Dan makin kupercepat gerakan naik turunnya pantatku sampai kurasakan penisnya berkejut-kejut dalam lobangku dan kudiamkan sejenak sambil dia merasakan sisa-sisa kenikmatannya. Setelah semuanya berakhir, sekarang ganti aku yang terangsang berat dengan ulahku tadi, kemudian kudekap dia dan kubisikan didekat telinganya

“Boleh aku melakukan seperti ini pada kamu”

Dia tidak menjawab, tapi hanya mengangguk dengan matanya yang masih tetap sayu. Setelah mendapat ijin darinya, maka tidak kusia-siakan kesempatan ini. Aku mulai mengambil lotion yang tergeletak dikasur dan mulai melakukan kegiatan dengan membasahi sekitar lobangnya dengan lotion yang kemudian kuelus-elus sambil sesekali jari tengahku menusuk lobangnya, karena aku tahu dia masih perawan dan belum pernah melakukan hubungan yang seperti ini akhirnya dia hanya bisa diam dan pasrah saja dengan apa yang kulakukan pada malam menjelang pagi itu.

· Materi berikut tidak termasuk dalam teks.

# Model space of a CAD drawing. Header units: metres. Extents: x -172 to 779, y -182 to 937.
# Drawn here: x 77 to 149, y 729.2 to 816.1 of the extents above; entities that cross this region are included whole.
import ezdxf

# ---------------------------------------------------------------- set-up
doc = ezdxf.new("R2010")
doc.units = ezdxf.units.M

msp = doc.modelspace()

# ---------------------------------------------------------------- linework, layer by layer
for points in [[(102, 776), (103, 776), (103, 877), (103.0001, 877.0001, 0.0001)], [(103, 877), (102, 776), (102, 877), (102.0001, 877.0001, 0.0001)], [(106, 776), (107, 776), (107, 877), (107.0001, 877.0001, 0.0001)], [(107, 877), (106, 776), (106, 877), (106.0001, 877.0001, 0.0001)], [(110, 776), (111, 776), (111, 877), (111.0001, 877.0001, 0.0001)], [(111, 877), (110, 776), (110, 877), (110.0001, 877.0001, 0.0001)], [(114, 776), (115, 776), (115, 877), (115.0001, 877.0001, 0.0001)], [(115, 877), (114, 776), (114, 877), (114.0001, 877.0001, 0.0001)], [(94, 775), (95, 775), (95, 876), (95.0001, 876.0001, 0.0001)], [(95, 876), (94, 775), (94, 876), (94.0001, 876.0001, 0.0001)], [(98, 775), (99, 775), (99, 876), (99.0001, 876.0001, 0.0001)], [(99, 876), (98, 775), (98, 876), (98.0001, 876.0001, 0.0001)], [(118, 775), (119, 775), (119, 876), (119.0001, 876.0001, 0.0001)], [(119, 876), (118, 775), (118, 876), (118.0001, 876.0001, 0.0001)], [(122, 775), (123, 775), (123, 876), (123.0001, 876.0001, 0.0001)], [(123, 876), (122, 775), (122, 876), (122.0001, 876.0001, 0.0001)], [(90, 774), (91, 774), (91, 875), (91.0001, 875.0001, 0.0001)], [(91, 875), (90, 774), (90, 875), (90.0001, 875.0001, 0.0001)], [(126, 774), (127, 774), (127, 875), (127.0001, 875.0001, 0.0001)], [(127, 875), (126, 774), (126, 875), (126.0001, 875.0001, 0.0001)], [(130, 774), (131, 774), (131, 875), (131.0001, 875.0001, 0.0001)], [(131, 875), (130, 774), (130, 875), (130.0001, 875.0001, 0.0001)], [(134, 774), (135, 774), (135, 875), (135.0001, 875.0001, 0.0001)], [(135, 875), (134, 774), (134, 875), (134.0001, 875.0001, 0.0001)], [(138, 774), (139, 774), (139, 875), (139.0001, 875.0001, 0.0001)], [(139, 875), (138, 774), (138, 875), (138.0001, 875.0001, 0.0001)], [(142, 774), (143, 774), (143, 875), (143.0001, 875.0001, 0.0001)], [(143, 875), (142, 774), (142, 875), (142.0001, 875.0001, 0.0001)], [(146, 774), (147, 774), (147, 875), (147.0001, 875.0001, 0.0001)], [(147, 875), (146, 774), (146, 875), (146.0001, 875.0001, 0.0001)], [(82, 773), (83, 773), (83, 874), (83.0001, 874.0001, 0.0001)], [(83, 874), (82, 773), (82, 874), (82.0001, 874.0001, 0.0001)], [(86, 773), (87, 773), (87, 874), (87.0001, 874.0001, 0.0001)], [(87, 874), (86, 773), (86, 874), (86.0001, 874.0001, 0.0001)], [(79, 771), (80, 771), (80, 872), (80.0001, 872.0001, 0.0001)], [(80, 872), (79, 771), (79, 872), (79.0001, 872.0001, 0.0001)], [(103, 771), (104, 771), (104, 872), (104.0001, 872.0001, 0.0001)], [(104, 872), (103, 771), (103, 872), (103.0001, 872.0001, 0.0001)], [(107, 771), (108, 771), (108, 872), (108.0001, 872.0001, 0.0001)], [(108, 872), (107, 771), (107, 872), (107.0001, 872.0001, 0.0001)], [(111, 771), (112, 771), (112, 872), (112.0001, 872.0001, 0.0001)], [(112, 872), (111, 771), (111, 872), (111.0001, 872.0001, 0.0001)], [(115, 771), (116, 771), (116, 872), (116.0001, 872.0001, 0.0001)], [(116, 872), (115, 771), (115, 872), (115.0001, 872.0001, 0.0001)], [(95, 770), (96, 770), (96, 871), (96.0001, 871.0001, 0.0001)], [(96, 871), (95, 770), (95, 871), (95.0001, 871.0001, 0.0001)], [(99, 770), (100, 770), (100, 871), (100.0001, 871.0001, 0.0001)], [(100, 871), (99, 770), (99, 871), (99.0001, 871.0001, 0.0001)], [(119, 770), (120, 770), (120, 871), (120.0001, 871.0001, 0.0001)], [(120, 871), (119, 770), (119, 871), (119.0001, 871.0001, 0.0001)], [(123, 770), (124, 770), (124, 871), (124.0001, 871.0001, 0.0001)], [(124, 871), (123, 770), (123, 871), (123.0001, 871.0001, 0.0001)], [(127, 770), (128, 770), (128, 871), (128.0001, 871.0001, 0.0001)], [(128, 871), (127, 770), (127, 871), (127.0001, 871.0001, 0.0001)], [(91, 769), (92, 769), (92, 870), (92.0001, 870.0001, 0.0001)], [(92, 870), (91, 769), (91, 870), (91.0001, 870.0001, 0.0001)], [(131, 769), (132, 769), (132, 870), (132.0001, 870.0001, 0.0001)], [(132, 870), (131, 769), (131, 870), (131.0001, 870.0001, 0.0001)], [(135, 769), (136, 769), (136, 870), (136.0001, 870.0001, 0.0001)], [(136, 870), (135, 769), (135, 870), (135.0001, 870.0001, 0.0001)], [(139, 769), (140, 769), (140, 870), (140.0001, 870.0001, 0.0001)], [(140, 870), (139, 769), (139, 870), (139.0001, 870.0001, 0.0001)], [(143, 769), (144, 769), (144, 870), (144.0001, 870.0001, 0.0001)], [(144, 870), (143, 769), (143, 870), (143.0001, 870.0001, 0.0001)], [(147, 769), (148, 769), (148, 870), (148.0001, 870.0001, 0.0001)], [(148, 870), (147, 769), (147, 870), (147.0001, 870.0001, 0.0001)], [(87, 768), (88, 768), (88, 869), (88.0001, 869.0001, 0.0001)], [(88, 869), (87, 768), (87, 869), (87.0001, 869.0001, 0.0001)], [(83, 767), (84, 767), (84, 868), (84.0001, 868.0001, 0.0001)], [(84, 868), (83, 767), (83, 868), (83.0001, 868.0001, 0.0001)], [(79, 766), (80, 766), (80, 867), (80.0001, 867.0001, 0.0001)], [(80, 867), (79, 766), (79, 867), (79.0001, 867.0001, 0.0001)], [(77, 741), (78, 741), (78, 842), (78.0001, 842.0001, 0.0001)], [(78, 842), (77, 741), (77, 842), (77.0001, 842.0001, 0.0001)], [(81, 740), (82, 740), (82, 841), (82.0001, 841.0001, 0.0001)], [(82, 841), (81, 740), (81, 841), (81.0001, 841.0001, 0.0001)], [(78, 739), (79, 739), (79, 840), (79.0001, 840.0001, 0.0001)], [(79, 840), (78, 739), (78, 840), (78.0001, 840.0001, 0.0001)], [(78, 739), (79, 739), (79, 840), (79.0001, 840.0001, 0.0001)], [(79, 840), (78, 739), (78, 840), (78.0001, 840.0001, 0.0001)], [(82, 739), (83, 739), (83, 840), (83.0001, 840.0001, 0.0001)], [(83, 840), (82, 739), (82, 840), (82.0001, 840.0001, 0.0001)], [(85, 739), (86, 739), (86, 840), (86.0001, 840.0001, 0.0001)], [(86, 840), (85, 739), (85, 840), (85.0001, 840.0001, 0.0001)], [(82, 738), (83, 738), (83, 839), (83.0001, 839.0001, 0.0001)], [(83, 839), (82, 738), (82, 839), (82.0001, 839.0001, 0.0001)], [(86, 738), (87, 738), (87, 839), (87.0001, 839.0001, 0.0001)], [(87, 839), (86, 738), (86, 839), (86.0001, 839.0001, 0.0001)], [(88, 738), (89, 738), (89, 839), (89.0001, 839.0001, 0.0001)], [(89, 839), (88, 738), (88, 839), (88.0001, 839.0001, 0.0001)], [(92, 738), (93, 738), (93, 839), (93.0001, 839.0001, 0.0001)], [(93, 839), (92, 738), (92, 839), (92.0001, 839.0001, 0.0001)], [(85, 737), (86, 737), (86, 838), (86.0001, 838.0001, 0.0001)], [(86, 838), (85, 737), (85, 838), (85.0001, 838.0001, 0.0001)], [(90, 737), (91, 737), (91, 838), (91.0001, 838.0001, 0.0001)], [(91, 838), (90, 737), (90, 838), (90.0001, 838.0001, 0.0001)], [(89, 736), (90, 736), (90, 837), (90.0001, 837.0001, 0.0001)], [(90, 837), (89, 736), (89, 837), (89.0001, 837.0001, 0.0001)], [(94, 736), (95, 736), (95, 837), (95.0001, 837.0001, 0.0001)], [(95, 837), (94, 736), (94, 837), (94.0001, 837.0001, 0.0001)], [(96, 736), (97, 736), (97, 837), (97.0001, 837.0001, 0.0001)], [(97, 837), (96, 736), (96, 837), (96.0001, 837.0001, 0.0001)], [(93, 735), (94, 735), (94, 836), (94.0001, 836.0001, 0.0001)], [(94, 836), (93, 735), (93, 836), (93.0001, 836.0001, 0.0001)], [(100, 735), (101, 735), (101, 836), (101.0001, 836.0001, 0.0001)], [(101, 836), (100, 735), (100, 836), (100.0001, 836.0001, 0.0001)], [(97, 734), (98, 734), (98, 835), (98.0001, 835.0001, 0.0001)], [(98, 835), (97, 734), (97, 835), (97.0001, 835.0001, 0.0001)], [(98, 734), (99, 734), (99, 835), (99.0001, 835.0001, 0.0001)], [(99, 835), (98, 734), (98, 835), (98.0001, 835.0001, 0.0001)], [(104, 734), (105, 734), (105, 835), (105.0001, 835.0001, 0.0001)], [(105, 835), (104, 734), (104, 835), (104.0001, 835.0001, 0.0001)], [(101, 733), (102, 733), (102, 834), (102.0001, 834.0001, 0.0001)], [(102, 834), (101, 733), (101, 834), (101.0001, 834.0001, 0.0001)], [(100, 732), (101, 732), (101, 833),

Sampai aku merasakan bahwa dia sudah siap untuk dimasuki, maka segera kuangkat kedua belah kakinya ke atas pundakku dan dengan perlahan kumasukkan penisku kelobangnya, pada saat kepala penisku masuk, kurasakan jepitan yang begitu kuat sehingga aku keenakan dan kudengar jeritnya

“Aduh, Mas.. Sakit”

Lalau aku berhenti sejenak agar otot lobangnya dapat menyesuaikan diri, setelah beberapa saat kudorong lagi sampai separuhnya dan..

“Ahh, sakit sekali Mas”

Aku diam lagi beberapa saat dan kutunggu reaksinya sampai ototnya terasa agak renggang lalu kodorong lagi penisku sampai sepenuhnya dan kemudian aku berhenti lagi sampai beberapa saat. Setelah itu baru aku melakukan gerakan masuk keluar didalam lobangnya yang terasa begitu sempit dan membawa kenikmatan tersendiri buatku, tidak berapa lama kemudian akhirnya kulepaskan hasratku didalam lobangnya dan akupun tersungkur diatas badannya yang tersengal-sengal itu, nggak tahu karena keenakan atau kesakitan tapi rasanya semuanya sudah impas dengan score 1:1 pada saat itu.

Ketika hari Senin sore aku pulang kerja kulihat kamar pojok dalam keadaan terkunci dan aku tahu bahwa Arie sudah tidak ada disana lagi dan ketika aku bertemu dengan teman-teman yang lainnya.

“Mas, tadi pagi Arie pamitan, pulang ke Blitar”
“Karena Mas Surya belum datang dia titip salam nggak bisa pamitan langsung sama Mas Surya,” katanya.
“Oh yaa, enggak pa-pa” jawabku sambil tersenyum, dalam hati aku berkata
“Dia sudah pamit dengan caraku sendiri yang lebih berkesan”

Dan aku sampai sekarangpun belum mengetahui apakah Arie itu termasuk gay atau bukan karena tidak seperti teman-temanku gay yang lainnya yang selalu take and give dalam segalanya diatas ranjang.